• [Work instruction] Return the data below exactly, but only from the line containing "#176=EDGE_LOOP('',(#175));" through the line containing "#187=EDGE_LOOP('',(#186));", with both of those lines included.

Stored dataset items:
• • • • •

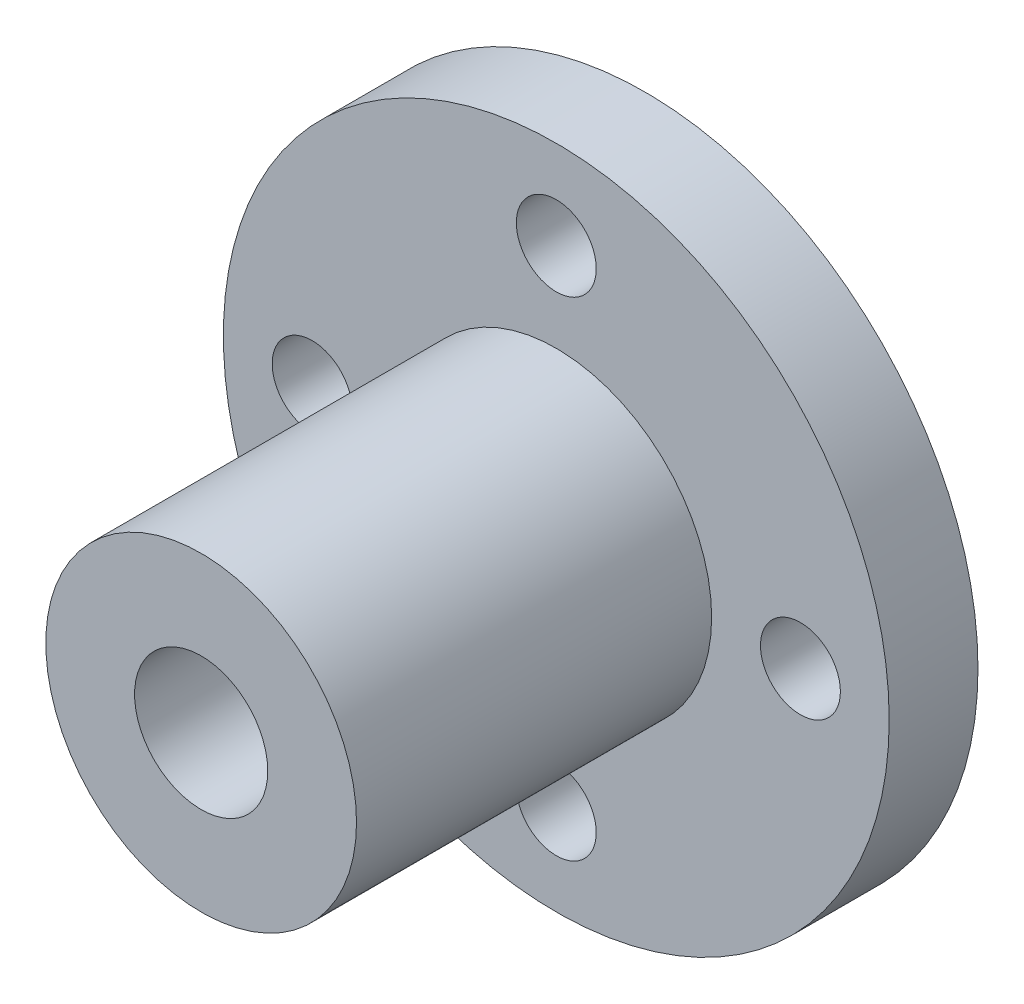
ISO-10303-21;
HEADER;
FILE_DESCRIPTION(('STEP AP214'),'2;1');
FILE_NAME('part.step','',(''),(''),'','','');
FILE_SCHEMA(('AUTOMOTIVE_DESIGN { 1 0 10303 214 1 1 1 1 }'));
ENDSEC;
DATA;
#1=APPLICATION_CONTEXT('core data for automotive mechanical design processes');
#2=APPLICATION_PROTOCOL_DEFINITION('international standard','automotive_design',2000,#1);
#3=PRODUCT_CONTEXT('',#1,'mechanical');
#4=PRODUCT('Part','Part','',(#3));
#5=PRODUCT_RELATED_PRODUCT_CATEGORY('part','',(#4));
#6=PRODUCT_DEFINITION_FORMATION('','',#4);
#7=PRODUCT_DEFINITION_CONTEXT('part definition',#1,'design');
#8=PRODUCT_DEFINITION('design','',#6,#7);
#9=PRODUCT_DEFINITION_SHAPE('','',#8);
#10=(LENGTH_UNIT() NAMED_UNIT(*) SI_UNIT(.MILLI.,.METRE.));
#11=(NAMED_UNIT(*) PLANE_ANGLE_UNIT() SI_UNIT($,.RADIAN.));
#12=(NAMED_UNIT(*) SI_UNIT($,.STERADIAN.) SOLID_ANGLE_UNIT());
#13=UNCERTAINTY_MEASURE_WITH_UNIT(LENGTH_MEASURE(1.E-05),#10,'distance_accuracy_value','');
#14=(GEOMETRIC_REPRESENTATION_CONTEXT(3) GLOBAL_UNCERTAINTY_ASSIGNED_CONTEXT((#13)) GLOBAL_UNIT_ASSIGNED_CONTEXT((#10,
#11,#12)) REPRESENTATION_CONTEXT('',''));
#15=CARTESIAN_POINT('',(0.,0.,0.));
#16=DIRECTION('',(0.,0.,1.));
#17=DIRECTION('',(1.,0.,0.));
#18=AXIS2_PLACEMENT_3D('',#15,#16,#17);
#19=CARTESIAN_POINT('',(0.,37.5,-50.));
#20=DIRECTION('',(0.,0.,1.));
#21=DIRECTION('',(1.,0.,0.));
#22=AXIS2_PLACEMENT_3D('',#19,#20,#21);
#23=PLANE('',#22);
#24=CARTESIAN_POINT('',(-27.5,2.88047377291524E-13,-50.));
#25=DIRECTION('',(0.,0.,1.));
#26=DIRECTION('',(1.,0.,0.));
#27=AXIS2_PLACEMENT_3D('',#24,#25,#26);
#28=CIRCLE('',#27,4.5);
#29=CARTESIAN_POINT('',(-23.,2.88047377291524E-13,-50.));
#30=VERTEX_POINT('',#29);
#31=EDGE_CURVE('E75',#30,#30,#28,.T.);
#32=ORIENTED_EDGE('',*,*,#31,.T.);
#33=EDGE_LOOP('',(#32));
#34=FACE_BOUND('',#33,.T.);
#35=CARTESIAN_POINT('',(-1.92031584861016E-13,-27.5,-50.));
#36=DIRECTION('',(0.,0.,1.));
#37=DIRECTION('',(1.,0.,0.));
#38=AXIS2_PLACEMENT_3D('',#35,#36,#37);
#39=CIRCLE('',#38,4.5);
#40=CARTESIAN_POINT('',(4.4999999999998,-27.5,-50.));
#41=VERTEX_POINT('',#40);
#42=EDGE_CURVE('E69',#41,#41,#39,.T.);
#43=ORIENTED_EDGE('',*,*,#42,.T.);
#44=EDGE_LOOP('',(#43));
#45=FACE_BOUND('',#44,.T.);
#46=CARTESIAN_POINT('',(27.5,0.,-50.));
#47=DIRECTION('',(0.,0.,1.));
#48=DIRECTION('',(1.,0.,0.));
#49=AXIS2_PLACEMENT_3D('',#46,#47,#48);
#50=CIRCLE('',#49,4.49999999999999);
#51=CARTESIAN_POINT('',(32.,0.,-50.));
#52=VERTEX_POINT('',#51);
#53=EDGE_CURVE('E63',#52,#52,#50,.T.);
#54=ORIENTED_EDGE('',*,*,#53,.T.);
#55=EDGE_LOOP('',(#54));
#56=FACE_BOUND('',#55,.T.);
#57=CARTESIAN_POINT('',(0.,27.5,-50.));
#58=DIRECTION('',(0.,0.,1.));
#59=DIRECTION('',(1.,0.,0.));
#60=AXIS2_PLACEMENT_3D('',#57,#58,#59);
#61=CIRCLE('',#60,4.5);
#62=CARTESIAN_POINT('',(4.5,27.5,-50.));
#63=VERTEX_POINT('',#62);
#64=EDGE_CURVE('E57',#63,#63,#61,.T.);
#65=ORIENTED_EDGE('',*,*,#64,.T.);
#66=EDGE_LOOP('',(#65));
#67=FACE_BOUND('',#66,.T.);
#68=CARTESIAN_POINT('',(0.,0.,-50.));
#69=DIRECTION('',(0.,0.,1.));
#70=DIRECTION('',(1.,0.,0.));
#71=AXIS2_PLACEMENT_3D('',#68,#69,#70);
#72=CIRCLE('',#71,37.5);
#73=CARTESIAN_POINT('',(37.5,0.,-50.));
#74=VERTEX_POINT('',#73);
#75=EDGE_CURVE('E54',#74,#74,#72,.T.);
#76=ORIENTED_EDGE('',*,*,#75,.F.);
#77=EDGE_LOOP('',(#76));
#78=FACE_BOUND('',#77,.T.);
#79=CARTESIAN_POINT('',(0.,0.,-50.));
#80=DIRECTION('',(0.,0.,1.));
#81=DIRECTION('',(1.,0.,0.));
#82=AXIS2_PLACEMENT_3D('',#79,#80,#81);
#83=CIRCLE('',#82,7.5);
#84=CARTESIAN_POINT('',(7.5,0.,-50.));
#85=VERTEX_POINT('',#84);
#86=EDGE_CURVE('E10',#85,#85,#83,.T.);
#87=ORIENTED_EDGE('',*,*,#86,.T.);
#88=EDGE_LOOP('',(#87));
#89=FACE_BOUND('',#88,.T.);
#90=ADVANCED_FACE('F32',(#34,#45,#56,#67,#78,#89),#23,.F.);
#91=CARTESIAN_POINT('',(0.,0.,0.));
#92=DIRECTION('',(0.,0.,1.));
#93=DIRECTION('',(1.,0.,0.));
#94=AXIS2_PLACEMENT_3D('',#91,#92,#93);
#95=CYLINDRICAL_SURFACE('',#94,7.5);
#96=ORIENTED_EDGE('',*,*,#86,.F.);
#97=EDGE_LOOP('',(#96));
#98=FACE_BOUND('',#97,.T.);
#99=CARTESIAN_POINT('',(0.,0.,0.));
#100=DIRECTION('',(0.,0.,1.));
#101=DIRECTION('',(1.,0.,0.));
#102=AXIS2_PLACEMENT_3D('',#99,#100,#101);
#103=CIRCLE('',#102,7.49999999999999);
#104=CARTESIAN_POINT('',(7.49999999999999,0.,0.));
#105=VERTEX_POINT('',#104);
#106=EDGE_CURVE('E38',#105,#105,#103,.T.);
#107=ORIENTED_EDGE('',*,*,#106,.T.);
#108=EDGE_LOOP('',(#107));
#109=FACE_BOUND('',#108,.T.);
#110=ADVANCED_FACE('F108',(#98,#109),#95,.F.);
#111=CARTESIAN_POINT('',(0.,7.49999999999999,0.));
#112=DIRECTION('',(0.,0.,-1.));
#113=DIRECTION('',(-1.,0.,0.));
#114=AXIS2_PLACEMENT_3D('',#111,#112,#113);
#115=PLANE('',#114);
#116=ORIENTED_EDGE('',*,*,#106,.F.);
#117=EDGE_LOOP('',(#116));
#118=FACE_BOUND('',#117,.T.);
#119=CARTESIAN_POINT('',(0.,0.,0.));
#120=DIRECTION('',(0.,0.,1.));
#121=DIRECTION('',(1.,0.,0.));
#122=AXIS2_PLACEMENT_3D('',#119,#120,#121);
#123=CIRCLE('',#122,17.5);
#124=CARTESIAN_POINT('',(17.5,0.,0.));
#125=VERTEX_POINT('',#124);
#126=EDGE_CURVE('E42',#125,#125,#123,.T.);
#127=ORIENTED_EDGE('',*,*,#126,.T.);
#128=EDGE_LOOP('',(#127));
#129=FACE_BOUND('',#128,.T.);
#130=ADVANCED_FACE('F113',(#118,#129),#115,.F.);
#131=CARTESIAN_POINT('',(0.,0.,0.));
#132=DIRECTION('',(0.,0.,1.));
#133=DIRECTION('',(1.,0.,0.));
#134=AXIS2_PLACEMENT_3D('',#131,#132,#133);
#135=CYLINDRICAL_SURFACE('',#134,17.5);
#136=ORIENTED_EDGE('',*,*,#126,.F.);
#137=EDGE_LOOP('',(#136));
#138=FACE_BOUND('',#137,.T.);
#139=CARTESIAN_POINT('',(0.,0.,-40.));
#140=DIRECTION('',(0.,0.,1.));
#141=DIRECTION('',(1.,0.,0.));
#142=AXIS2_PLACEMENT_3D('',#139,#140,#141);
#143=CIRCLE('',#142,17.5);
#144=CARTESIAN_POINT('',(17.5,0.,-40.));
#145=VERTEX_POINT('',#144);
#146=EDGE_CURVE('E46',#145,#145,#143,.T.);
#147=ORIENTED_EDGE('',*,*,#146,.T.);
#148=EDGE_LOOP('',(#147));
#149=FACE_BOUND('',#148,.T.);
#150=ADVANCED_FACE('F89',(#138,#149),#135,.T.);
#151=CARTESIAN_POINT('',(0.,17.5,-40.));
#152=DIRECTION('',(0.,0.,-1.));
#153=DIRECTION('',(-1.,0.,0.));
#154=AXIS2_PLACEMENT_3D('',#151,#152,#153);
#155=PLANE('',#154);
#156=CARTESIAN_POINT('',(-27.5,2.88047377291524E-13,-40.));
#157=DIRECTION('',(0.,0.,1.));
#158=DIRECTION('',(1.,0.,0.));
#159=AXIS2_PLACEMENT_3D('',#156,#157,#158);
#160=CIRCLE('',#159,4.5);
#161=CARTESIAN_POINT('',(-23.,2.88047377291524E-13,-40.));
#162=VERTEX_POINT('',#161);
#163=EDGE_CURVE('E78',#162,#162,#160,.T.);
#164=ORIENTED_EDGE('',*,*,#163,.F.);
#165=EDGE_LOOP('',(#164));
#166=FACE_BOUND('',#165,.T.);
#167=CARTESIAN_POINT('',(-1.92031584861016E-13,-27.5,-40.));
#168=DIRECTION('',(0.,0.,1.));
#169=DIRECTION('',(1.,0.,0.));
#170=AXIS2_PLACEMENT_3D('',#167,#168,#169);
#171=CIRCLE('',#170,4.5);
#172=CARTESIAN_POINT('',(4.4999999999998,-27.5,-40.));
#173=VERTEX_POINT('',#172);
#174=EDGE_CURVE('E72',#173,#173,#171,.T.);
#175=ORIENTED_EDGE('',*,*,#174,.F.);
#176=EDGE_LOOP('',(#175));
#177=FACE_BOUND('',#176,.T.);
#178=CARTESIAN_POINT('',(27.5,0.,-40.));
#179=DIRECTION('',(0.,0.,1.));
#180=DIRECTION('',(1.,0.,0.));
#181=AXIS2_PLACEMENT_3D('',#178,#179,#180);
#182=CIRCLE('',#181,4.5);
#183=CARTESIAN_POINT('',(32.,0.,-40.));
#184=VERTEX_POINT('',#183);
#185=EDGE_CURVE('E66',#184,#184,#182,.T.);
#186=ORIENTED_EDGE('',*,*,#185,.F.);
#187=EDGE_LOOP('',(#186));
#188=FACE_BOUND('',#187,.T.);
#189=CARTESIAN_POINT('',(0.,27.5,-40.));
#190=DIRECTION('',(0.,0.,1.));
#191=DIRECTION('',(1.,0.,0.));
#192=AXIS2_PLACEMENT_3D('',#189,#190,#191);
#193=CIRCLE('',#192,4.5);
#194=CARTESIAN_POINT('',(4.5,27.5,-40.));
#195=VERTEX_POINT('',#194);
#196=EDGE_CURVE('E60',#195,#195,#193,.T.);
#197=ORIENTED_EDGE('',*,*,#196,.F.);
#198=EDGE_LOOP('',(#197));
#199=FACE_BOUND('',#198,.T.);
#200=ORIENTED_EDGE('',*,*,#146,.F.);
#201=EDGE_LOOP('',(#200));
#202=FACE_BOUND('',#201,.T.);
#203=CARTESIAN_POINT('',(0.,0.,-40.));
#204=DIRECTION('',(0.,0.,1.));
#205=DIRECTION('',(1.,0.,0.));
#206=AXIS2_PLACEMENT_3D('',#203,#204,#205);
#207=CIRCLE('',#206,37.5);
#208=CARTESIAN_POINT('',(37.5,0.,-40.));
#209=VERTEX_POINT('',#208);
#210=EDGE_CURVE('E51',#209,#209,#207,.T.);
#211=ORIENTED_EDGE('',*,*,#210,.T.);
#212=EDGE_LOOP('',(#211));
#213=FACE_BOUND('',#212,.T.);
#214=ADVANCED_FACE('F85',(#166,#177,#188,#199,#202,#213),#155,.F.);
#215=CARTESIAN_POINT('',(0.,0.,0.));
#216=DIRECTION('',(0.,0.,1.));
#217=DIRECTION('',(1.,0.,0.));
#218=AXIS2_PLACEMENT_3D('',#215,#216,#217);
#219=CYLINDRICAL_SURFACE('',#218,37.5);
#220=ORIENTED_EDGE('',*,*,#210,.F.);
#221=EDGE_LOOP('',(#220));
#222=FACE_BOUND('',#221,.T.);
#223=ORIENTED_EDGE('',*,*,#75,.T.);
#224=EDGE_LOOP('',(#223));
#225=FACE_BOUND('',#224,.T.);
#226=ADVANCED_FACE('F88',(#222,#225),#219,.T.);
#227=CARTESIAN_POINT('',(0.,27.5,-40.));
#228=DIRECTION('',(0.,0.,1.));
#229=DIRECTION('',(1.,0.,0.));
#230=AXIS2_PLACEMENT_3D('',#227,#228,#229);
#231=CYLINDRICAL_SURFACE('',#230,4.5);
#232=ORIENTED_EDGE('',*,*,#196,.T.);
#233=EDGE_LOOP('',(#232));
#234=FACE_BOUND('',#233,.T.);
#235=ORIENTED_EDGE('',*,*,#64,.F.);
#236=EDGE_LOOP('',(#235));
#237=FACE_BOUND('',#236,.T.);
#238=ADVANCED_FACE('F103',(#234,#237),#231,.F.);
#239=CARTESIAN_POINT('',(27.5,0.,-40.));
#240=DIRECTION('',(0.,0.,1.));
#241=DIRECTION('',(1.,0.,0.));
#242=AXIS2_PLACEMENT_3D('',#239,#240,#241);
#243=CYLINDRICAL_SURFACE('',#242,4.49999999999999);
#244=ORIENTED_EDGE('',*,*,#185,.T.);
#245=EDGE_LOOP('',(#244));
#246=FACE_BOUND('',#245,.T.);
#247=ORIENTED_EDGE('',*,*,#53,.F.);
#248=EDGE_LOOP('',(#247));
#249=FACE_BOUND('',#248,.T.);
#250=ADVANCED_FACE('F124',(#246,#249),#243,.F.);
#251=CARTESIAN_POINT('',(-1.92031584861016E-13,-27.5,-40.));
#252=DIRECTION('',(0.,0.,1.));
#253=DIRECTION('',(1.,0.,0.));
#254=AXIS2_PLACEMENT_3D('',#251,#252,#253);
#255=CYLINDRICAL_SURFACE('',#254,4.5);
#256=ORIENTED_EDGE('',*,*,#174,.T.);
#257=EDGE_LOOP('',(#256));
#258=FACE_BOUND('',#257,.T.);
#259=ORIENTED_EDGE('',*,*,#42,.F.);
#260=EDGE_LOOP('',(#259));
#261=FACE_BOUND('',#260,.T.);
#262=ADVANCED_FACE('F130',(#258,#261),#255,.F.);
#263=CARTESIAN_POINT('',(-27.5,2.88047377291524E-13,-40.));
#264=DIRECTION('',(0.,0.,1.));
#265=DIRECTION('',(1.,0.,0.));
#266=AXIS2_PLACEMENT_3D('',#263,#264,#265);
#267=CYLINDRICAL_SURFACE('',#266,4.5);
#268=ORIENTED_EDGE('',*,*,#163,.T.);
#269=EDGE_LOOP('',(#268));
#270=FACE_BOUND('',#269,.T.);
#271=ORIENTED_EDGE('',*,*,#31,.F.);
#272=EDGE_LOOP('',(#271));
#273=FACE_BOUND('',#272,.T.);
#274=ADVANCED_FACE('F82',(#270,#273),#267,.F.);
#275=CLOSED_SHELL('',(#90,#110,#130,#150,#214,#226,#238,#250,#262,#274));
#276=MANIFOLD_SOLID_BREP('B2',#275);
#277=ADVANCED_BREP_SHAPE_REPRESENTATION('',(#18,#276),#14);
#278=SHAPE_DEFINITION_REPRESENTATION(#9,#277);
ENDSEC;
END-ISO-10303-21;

• • • • •

• [Exercise solution]
#176=EDGE_LOOP('',(#175));
#177=FACE_BOUND('',#176,.T.);
#178=CARTESIAN_POINT('',(27.5,0.,-40.));
#179=DIRECTION('',(0.,0.,1.));
#180=DIRECTION('',(1.,0.,0.));
#181=AXIS2_PLACEMENT_3D('',#178,#179,#180);
#182=CIRCLE('',#181,4.5);
#183=CARTESIAN_POINT('',(32.,0.,-40.));
#184=VERTEX_POINT('',#183);
#185=EDGE_CURVE('E66',#184,#184,#182,.T.);
#186=ORIENTED_EDGE('',*,*,#185,.F.);
#187=EDGE_LOOP('',(#186));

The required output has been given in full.